======== Material for the task ========
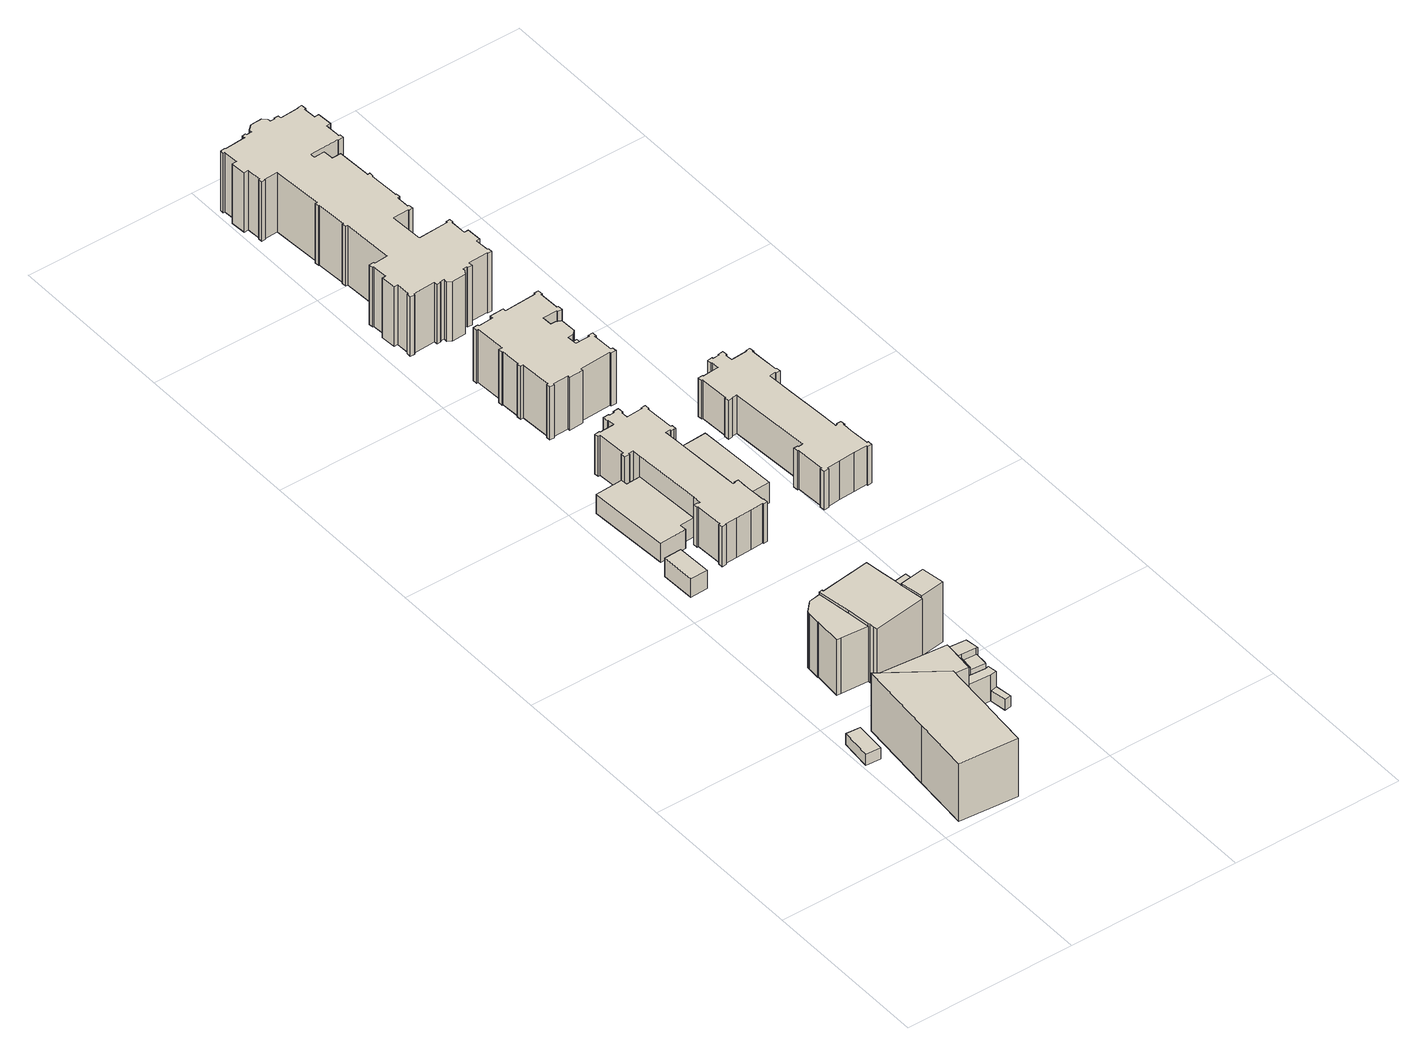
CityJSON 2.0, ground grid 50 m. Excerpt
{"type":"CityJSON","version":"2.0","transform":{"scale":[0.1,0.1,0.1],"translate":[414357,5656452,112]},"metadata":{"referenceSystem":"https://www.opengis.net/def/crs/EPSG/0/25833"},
"CityObjects":{
"building1":{"type":"Building","attributes":{"Dachtyp_tdc":"tdcTentRoof","Gemeindeschluessel":14612000,"Dachneigung":10.47,"QualitaetDacherkennung":49,"Geometrietyp2DReferenz":"3000","measuredHeight":4.19,"function":"31001_2000","roofType":"3500"},"geometry":[{"type":"Solid","lod":"1","boundaries":[[[[0,1,2,3]],[[4,5,6,7]],[[3,5,4,0]],[[2,6,5,3]],[[1,7,6,2]],[[0,4,7,1]]]]}]},
"building2":{"type":"Building","attributes":{"Dachtyp_tdc":"tdcFreeFormRoof","Gemeindeschluessel":14612000,"Dachneigung":28.97,"QualitaetDacherkennung":83,"Geometrietyp2DReferenz":"3000","measuredHeight":21.08,"function":"31001_2000","roofType":"5000"},"geometry":[{"type":"Solid","lod":"1","boundaries":[[[[8,9,10,11,12,13,14,15,16,17,18]],[[19,20,21,22,23,24,25,26,27,28,29]],[[18,20,19,8]],[[17,21,20,18]],[[16,22,21,17]],[[15,23,22,16]],[[14,24,23,15]],[[13,25,24,14]],[[12,26,25,13]],[[11,27,26,12]],[[10,28,27,11]],[[9,29,28,10]],[[8,19,29,9]]]]}]},
"building3":{"type":"Building","attributes":{"Dachtyp_tdc":"tdcFreeFormRoof","Gemeindeschluessel":14612000,"Dachneigung":28.88,"QualitaetDacherkennung":77,"Geometrietyp2DReferenz":"3000","measuredHeight":18.93,"function":"31001_2000","roofType":"5000"},"geometry":[{"type":"Solid","lod":"1","boundaries":[[[[30,31,32,33,34,35]],[[36,37,38,39,19,29]],[[35,37,36,30]],[[34,38,37,35]],[[33,39,38,34]],[[32,19,39,33]],[[31,29,19,32]],[[30,36,29,31]]]]}]},
"building4":{"type":"Building","attributes":{"name":"Universitätsklinikum Carl Gustav Carus Dresden","Dachtyp_tdc":"tdcGableRoof","Gemeindeschluessel":14612000,"Dachneigung":47.36,"QualitaetDacherkennung":7,"Geometrietyp2DReferenz":"3000","measuredHeight":9.57,"function":"31001_9998","roofType":"3100"},"geometry":[{"type":"Solid","lod":"1","boundaries":[[[[40,41,42,43]],[[44,45,46,47]],[[43,45,44,40]],[[42,46,45,43]],[[41,47,46,42]],[[40,44,47,41]]]]}]},
"building5":{"type":"Building","attributes":{"Gemeindeschluessel":14612000,"Geometrietyp2DReferenz":"3000","function":"31001_2000","roofType":"9999"},"children":["building5-1","building5-2"]},
"building5-1":{"type":"BuildingPart","attributes":{"Dachtyp_tdc":"tdcFreeFormRoof","Dachneigung":30.43,"QualitaetDacherkennung":53,"Geometrietyp2DReferenz":"3000","measuredHeight":20.73,"roofType":"5000"},"parents":["building5"],"geometry":[{"type":"Solid","lod":"1","boundaries":[[[[48,49,50,51,52,53,54,55,56,57,58]],[[59,60,61,62,63,64,65,66,67,68,69]],[[58,60,59,48]],[[57,61,60,58]],[[56,62,61,57]],[[55,63,62,56]],[[54,64,63,55]],[[53,65,64,54]],[[52,66,65,53]],[[51,67,66,52]],[[50,68,67,51]],[[49,69,68,50]],[[48,59,69,49]]]]}]},
"building5-2":{"type":"BuildingPart","attributes":{"Dachtyp_tdc":"tdcHipAndGableRoof","Dachneigung":30.85,"QualitaetDacherkennung":73,"Geometrietyp2DReferenz":"3000","measuredHeight":21.63,"roofType":"5000"},"parents":["building5"],"geometry":[{"type":"Solid","lod":"1","boundaries":[[[[70,71,72,73,74,75,76,77,78,79,80,81,82,83,84]],[[85,62,86,60,87,88,89,90,91,92,93,94,95,96,97]],[[84,62,85,70]],[[83,86,62,84]],[[82,60,86,83]],[[81,87,60,82]],[[80,88,87,81]],[[79,89,88,80]],[[78,90,89,79]],[[77,91,90,78]],[[76,92,91,77]],[[75,93,92,76]],[[74,94,93,75]],[[73,95,94,74]],[[72,96,95,73]],[[71,97,96,72]],[[70,85,97,71]]]]}]},
"building6":{"type":"Building","attributes":{"Dachtyp_tdc":"tdcFreeFormRoof","Gemeindeschluessel":14612000,"Dachneigung":29.75,"QualitaetDacherkennung":73,"Geometrietyp2DReferenz":"3000","measuredHeight":8.79,"function":"31001_2000","roofType":"5000"},"geometry":[{"type":"Solid","lod":"1","boundaries":[[[[98,99,100,101,102,103]],[[104,105,106,107,108,109]],[[103,105,104,98]],[[102,106,105,103]],[[101,107,106,102]],[[100,108,107,101]],[[99,109,108,100]],[[98,104,109,99]]]]}]},
"building7":{"type":"Building","attributes":{"Dachtyp_tdc":"tdcPolyFlatRoof","Gemeindeschluessel":14612000,"Dachneigung":0,"QualitaetDacherkennung":43,"Geometrietyp2DReferenz":"3000","measuredHeight":3.48,"function":"31001_2000","roofType":"1000"},"geometry":[{"type":"Solid","lod":"1","boundaries":[[[[110,111,112,113]],[[109,108,114,115]],[[113,108,109,110]],[[112,114,108,113]],[[111,115,114,112]],[[110,109,115,111]]]]}]},
"building8":{"type":"Building","attributes":{"Dachtyp_tdc":"tdcPolyFlatRoof","Gemeindeschluessel":14612000,"Dachneigung":4.86,"QualitaetDacherkennung":75,"Geometrietyp2DReferenz":"3000","measuredHeight":3.5,"function":"31001_2000","roofType":"2100"},"geometry":[{"type":"Solid","lod":"1","boundaries":[[[[116,117,118,119]],[[120,121,122,123]],[[119,121,120,116]],[[118,122,121,119]],[[117,123,122,118]],[[116,120,123,117]]]]}]},
"building9":{"type":"Building","attributes":{"Dachtyp_tdc":"tdcPolyFlatRoof","Gemeindeschluessel":14612000,"Dachneigung":4.46,"QualitaetDacherkennung":70,"Geometrietyp2DReferenz":"3000","measuredHeight":4.19,"function":"31001_2000","roofType":"2100"},"geometry":[{"type":"Solid","lod":"1","boundaries":[[[[124,125,126,127]],[[128,129,130,121]],[[127,129,128,124]],[[126,130,129,127]],[[125,121,130,126]],[[124,128,121,125]]]]}]},
"building10":{"type":"Building","attributes":{"name":"Universitätsklinikum Carl Gustav Carus Dresden","Dachtyp_tdc":"tdcPolyFlatRoof","Gemeindeschluessel":14612000,"Dachneigung":0,"QualitaetDacherkennung":86,"Geometrietyp2DReferenz":"3000","measuredHeight":6.04,"function":"31001_3051","roofType":"1000"},"geometry":[{"type":"Solid","lod":"1","boundaries":[[[[131,132,133,134,135,136,137,138]],[[139,140,141,142,143,144,145,146]],[[138,140,139,131]],[[137,141,140,138]],[[136,142,141,137]],[[135,143,142,136]],[[134,144,143,135]],[[133,145,144,134]],[[132,146,145,133]],[[131,139,146,132]]]]}]},
"building11":{"type":"Building","attributes":{"Dachtyp_tdc":"tdcPolyFlatRoof","Gemeindeschluessel":14612000,"Dachneigung":9.18,"QualitaetDacherkennung":76,"Geometrietyp2DReferenz":"3000","measuredHeight":5.43,"function":"31001_2000","roofType":"2100"},"geometry":[{"type":"Solid","lod":"1","boundaries":[[[[147,148,149,150,151,152]],[[128,121,120,153,154,155]],[[152,121,128,147]],[[151,120,121,152]],[[150,153,120,151]],[[149,154,153,150]],[[148,155,154,149]],[[147,128,155,148]]]]}]},
"building12":{"type":"Building","attributes":{"Dachtyp_tdc":"tdcPolyFlatRoof","Gemeindeschluessel":14612000,"Dachneigung":4.1,"QualitaetDacherkennung":81,"Geometrietyp2DReferenz":"3000","measuredHeight":3.46,"function":"31001_2000","roofType":"2100"},"geometry":[{"type":"Solid","lod":"1","boundaries":[[[[156,157,158,159,160]],[[161,162,163,164,165]],[[160,162,161,156]],[[159,163,162,160]],[[158,164,163,159]],[[157,165,164,158]],[[156,161,165,157]]]]}]},
"building13":{"type":"Building","attributes":{"Dachtyp_tdc":"tdcPolyFlatRoof","Gemeindeschluessel":14612000,"Dachneigung":0,"QualitaetDacherkennung":85,"Geometrietyp2DReferenz":"3000","measuredHeight":19.2,"function":"31001_2000","roofType":"1000"},"geometry":[{"type":"Solid","lod":"1","boundaries":[[[[166,167,168,169]],[[170,171,172,173]],[[169,171,170,166]],[[168,172,171,169]],[[167,173,172,168]],[[166,170,173,167]]]]}]},
"building14":{"type":"Building","attributes":{"Dachtyp_tdc":"tdcGableRoof","Gemeindeschluessel":14612000,"Dachneigung":65.18,"QualitaetDacherkennung":14,"Geometrietyp2DReferenz":"3000","measuredHeight":16.83,"function":"31001_2000","roofType":"3100"},"geometry":[{"type":"Solid","lod":"1","boundaries":[[[[174,175,176,177,178,179]],[[170,180,181,182,183,171]],[[179,180,170,174]],[[178,181,180,179]],[[177,182,181,178]],[[176,183,182,177]],[[175,171,183,176]],[[174,170,171,175]]]]}]},
"building15":{"type":"Building","attributes":{"name":"Universitätsklinikum Carl Gustav Carus Dresden","Dachtyp_tdc":"tdcFreeFormRoof","Gemeindeschluessel":14612000,"Dachneigung":42.69,"QualitaetDacherkennung":32,"Geometrietyp2DReferenz":"3000","measuredHeight":16.42,"function":"31001_3051","roofType":"5000"},"geometry":[{"type":"Solid","lod":"1","boundaries":[[[[184,185,186,187,188,189,190,191,192,193,194,195,196,197,198,199,200,201,202,203,204,205,206,207,208,209,210,211,212,213,214,215,216,217,218,219,220,221,222,223,224,225,226,227,228,229,230,231,232,233,234,235,236,237,238,239,240,241,242,243,244,245,246,247,248]],[[249,250,251,252,253,254,255,256,257,258,259,260,261,262,263,264,265,266,267,268,269,270,271,272,273,274,275,276,277,278,279,280,281,282,283,284,285,286,287,288,289,290,291,292,293,294,295,296,297,298,299,300,301,302,303,304,305,306,307,308,309,310,311,312,313]],[[248,250,249,184]],[[247,251,250,248]],[[246,252,251,247]],[[245,253,252,246]],[[244,254,253,245]],[[243,255,254,244]],[[242,256,255,243]],[[241,257,256,242]],[[240,258,257,241]],[[239,259,258,240]],[[238,260,259,239]],[[237,261,260,238]],[[236,262,261,237]],[[235,263,262,236]],[[234,264,263,235]],[[233,265,264,234]],[[232,266,265,233]],[[231,267,266,232]],[[230,268,267,231]],[[229,269,268,230]],[[228,270,269,229]],[[227,271,270,228]],[[226,272,271,227]],[[225,273,272,226]],[[224,274,273,225]],[[223,275,274,224]],[[222,276,275,223]],[[221,277,276,222]],[[220,278,277,221]],[[219,279,278,220]],[[218,280,279,219]],[[217,281,280,218]],[[216,282,281,217]],[[215,283,282,216]],[[214,284,283,215]],[[213,285,284,214]],[[212,286,285,213]],[[211,287,286,212]],[[210,288,287,211]],[[209,289,288,210]],[[208,290,289,209]],[[207,291,290,208]],[[206,292,291,207]],[[205,293,292,206]],[[204,294,293,205]],[[203,295,294,204]],[[202,296,295,203]],[[201,297,296,202]],[[200,298,297,201]],[[199,299,298,200]],[[198,300,299,199]],[[197,301,300,198]],[[196,302,301,197]],[[195,303,302,196]],[[194,304,303,195]],[[193,305,304,194]],[[192,306,305,193]],[[191,307,306,192]],[[190,308,307,191]],[[189,309,308,190]],[[188,310,309,189]],[[187,311,310,188]],[[186,312,311,187]],[[185,313,312,186]],[[184,249,313,185]]]]}]},
"building16":{"type":"Building","attributes":{"name":"Universitätsklinikum Carl Gustav Carus Dresden","Dachtyp_tdc":"tdcPolyFlatRoof","Gemeindeschluessel":14612000,"Dachneigung":0,"QualitaetDacherkennung":86,"Geometrietyp2DReferenz":"3000","measuredHeight":6.69,"function":"31001_3051","roofType":"1000"},"geometry":[{"type":"Solid","lod":"1","boundaries":[[[[314,315,316,317,318,319,320,321,322]],[[323,324,325,326,327,328,329,330,331]],[[322,324,323,314]],[[321,325,324,322]],[[320,326,325,321]],[[319,327,326,320]],[[318,328,327,319]],[[317,329,328,318]],[[316,330,329,317]],[[315,331,330,316]],[[314,323,331,315]]]]}]},
"building17":{"type":"Building","attributes":{"name":"Universitätsklinikum Carl Gustav Carus Dresden","Dachtyp_tdc":"tdcFreeFormRoof","Gemeindeschluessel":14612000,"Dachneigung":44.47,"QualitaetDacherkennung":34,"Geometrietyp2DReferenz":"3000","measuredHeight":20.85,"function":"31001_3051","roofType":"5000"},"geometry":[{"type":"Solid","lod":"1","boundaries":[[[[332,333,334,335,336,337,338,339,340,341,342,343,344,345,346,347,348,349,350,351,352,353,354,355,356,357,358,359,360,361,362,363,364,365,366,367,368,369,370,371,372,373,374,375,376,377,378,379,380,381,382,383,384,385,386,387]],[[388,389,390,391,392,393,394,395,396,397,398,399,400,401,402,403,404,405,406,407,408,409,410,411,412,413,414,415,416,417,418,419,420,421,422,423,424,425,426,427,428,429,430,431,432,433,434,435,436,437,438,439,440,441,442,443]],[[387,389,388,332]],[[386,390,389,387]],[[385,391,390,386]],[[384,392,391,385]],[[383,393,392,384]],[[382,394,393,383]],[[381,395,394,382]],[[380,396,395,381]],[[379,397,396,380]],[[378,398,397,379]],[[377,399,398,378]],[[376,400,399,377]],[[375,401,400,376]],[[374,402,401,375]],[[373,403,402,374]],[[372,404,403,373]],[[371,405,404,372]],[[370,406,405,371]],[[369,407,406,370]],[[368,408,407,369]],[[367,409,408,368]],[[366,410,409,367]],[[365,411,410,366]],[[364,412,411,365]],[[363,413,412,364]],[[362,414,413,363]],[[361,415,414,362]],[[360,416,415,361]],[[359,417,416,360]],[[358,418,417,359]],[[357,419,418,358]],[[356,420,419,357]],[[355,421,420,356]],[[354,422,421,355]],[[353,423,422,354]],[[352,424,423,353]],[[351,425,424,352]],[[350,426,425,351]],[[349,427,426,350]],[[348,428,427,349]],[[347,429,428,348]],[[346,430,429,347]],[[345,431,430,346]],[[344,432,431,345]],[[343,433,432,344]],[[342,434,433,343]],[[341,435,434,342]],[[340,436,435,341]],[[339,437,436,340]],[[338,438,437,339]],[[337,439,438,338]],[[336,440,439,337]],[[335,441,440,336]],[[334,442,441,335]],[[333,443,442,334]],[[332,388,443,333]]]]}]},
"building18":{"type":"Building","attributes":{"name":"Universitätsklinikum Carl Gustav Carus Dresden","Dachtyp_tdc":"tdcFreeFormRoof","Gemeindeschluessel":14612000,"Dachneigung":18.34,"QualitaetDacherkennung":18,"Geometrietyp2DReferenz":"3000","measuredHeight":14.41,"function":"31001_3051","roofType":"5000"},"geometry":[{"type":"Solid","lod":"1","boundaries":[[[[444,445,446,447,448,449]],[[409,408,407,406,450,410]],[[449,408,409,444]],[[448,407,408,449]],[[447,406,407,448]],[[446,450,406,447]],[[445,410,450,446]],[[444,409,410,445]]]]}]},
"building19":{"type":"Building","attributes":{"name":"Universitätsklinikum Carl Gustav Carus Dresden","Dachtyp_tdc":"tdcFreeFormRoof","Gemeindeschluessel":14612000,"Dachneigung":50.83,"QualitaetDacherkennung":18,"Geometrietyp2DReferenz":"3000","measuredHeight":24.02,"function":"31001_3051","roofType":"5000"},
========
- What to produce -
If a line in the records above contains "CityJSON", copy that line.

- Answer box -
CityJSON 2.0, ground grid 50 m. Excerpt
{"type":"CityJSON","version":"2.0","transform":{"scale":[0.1,0.1,0.1],"translate":[414357,5656452,112]},"metadata":{"referenceSystem":"https://www.opengis.net/def/crs/EPSG/0/25833"},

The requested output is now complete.